Elevator pitch final tips
After you’ve taken time to develop a pitch that’s focused on your background and immediate goals, practice and refine it. Reading your elevator pitch out loud to yourself can reveal any mistakes, opportunities for better wording or extraneous information that might distract from your main points. Ask a friend to help you practice out loud and give feedback to start polishing your speech. Here are a few tips on delivery as you practice:
Take your time
An elevator pitch is a quick conversation by nature, but try to avoid speaking too fast. Keeping your pitch to around 75 words should help you deliver optimal information in a clear, digestible way. Be mindful of rushing through it or trying to add in too much information.
Make it conversational
It’s good to plan your elevator pitch out ahead of time and practice, but you should avoid sounding rehearsed in delivery. A good way to keep the pitch conversational is to memorize a general outline or key points of your speech. Keep this structure in the back of your mind and adapt your pitch for each person you give it to. For example, if you’re talking to someone you’ve just met, keep the conversation general, focused on your background and possibly state if you’re seeking new opportunities. If you’re talking to someone you want to work with, it’s important to refer to their open position or company, and how specifically you can provide value.

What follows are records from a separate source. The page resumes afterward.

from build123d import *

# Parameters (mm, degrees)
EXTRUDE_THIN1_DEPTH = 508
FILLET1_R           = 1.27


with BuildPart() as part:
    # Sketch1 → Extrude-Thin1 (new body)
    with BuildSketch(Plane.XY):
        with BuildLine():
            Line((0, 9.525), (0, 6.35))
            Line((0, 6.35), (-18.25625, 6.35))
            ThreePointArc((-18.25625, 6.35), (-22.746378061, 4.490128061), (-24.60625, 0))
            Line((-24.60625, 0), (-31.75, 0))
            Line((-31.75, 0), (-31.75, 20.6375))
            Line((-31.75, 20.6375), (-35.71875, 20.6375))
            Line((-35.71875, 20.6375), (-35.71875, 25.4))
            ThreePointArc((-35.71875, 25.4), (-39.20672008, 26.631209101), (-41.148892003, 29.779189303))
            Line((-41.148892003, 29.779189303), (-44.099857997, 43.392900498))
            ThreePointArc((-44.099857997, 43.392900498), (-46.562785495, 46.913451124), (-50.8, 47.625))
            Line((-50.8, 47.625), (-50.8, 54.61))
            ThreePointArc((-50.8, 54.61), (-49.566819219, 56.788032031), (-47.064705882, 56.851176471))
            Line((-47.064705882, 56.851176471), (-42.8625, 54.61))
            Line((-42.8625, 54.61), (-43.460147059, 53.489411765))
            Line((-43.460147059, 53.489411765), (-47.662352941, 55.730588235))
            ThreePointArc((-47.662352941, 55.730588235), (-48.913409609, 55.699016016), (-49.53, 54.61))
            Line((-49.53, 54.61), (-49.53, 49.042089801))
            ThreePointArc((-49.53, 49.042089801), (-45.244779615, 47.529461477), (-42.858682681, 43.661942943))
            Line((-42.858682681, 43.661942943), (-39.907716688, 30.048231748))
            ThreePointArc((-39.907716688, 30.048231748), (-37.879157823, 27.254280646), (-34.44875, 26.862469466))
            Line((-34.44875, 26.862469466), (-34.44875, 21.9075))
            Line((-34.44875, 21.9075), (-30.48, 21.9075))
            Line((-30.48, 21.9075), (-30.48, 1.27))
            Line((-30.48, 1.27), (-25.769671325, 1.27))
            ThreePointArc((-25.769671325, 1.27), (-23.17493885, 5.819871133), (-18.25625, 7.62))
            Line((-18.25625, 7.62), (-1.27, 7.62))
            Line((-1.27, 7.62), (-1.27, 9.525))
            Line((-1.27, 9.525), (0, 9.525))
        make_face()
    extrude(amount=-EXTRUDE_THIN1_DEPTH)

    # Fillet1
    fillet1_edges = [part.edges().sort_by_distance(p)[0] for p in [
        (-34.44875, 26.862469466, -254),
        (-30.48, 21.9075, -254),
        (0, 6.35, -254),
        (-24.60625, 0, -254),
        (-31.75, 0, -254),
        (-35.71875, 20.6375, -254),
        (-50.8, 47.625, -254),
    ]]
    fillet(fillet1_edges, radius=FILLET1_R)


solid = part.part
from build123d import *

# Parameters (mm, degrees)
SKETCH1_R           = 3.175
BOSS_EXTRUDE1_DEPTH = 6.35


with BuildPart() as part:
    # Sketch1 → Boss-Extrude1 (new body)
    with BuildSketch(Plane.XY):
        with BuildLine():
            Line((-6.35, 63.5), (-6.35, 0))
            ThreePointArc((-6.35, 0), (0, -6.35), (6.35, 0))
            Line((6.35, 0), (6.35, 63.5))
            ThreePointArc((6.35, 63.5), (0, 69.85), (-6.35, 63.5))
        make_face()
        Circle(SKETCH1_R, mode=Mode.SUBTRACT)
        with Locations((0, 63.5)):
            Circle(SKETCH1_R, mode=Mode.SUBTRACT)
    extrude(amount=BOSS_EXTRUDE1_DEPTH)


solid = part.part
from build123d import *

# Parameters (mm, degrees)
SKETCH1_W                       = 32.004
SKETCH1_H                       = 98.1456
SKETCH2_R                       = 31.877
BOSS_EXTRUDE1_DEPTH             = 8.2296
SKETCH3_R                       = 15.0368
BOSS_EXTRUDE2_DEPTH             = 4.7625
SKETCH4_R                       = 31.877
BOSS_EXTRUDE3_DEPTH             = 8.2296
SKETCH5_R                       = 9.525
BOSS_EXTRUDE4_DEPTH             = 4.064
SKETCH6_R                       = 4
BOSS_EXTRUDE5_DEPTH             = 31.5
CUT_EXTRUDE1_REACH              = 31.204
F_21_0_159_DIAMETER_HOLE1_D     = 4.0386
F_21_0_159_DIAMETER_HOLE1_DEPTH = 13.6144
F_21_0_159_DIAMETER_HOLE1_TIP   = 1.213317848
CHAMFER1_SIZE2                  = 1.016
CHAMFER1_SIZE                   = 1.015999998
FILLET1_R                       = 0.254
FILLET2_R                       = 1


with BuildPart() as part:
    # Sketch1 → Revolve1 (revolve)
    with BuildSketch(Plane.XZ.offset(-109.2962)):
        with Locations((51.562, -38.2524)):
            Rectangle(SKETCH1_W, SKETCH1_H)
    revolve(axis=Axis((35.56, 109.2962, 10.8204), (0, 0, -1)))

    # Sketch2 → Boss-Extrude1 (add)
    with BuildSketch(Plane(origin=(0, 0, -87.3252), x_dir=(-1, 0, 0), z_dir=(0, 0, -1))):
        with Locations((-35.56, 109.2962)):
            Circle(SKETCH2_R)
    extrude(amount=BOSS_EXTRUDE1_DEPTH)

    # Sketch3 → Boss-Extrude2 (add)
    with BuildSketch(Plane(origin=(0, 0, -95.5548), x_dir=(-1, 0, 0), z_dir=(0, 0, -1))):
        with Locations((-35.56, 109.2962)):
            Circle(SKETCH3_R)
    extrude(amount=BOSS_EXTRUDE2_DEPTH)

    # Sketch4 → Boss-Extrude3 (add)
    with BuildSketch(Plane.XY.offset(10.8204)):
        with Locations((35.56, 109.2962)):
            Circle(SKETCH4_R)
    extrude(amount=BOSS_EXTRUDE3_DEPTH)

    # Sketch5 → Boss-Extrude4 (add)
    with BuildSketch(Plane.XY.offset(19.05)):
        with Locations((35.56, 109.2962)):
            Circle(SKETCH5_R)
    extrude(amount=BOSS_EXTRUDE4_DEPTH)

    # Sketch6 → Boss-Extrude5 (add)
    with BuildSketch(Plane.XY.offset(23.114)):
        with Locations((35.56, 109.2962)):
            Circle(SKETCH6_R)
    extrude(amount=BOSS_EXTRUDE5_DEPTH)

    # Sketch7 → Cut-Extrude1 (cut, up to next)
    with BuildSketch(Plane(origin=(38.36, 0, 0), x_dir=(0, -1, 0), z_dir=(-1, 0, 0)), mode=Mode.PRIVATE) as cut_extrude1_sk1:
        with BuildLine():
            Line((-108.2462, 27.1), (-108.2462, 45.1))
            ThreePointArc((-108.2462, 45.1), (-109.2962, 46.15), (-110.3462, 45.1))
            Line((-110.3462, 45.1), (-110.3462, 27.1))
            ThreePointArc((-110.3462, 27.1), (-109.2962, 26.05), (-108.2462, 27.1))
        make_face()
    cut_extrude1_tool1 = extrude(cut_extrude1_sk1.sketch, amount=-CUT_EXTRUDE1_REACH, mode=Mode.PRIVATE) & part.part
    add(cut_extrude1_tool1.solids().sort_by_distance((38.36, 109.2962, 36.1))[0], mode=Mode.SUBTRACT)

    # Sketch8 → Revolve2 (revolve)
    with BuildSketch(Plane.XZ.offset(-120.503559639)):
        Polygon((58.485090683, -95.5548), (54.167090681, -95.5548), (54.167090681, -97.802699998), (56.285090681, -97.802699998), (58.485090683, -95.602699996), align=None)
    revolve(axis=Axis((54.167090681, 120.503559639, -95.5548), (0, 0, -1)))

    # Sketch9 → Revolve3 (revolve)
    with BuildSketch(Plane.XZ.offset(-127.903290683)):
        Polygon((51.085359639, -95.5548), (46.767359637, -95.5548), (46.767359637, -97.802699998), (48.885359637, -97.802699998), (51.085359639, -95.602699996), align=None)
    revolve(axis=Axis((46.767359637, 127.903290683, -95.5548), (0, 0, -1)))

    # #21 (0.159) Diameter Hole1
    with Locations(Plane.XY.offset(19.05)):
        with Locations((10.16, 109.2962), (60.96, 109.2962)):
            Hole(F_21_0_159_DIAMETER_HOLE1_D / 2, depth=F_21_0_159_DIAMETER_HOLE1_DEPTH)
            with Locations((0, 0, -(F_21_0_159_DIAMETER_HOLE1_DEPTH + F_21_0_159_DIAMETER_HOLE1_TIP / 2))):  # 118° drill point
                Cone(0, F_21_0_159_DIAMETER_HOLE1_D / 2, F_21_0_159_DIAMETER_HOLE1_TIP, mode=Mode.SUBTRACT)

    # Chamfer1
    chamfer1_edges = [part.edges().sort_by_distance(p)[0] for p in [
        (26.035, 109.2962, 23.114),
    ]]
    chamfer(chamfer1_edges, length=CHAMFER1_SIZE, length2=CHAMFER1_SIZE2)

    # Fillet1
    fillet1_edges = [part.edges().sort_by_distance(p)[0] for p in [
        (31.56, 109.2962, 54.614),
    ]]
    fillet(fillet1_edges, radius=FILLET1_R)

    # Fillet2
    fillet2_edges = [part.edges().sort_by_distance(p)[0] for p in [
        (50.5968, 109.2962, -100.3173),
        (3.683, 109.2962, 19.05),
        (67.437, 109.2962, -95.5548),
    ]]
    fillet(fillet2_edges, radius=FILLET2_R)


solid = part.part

Avoid niche words and phrases
Using acronyms, technical terms or industry-specific words and phrases can limit your elevator pitch by confusing or alienating your audience. You’ll want to be able to speak to people with a variety of backgrounds, so try replacing with general, easy to understand language. Asking friends or family for feedback can be useful for this step.
Even the best elevator pitch can lose its effectiveness if your delivery lacks confidence. Keep your chest high, shoulders back and smile when meeting someone and delivering your pitch. Use a strong speaking voice to show confidence in your experience and what you want in the future. If you’re nervous, try mentally reversing roles: If you were the person being pitched to, you’d likely be happy to listen and help the inquirer as best you could.
There is potential that your audience won’t be open to hearing your pitch. If it’s not the right time or the person you’re speaking to doesn’t seem receptive, gracefully draw back. If you’ve asked for an in person meeting and they’ve said no, you can ask if they’d prefer email or a phone call. If you get the sense at any point that the conversation is an inconvenience, use this opportunity to negotiate for a lesser ask. Leave the conversation with empathy for your audience: you prepared a speech and they weren’t expecting it—you can probably relate to the feeling of being caught of guard.
Developing an elevator pitch one step at a time makes it simple to create a speech that can be used in any professional situation. Elevator pitches can be helpful as you take them into your next networking event or interview. Your elevator pitch could the beginning of a new opportunity, so draft, review, refine and deliver with confidence.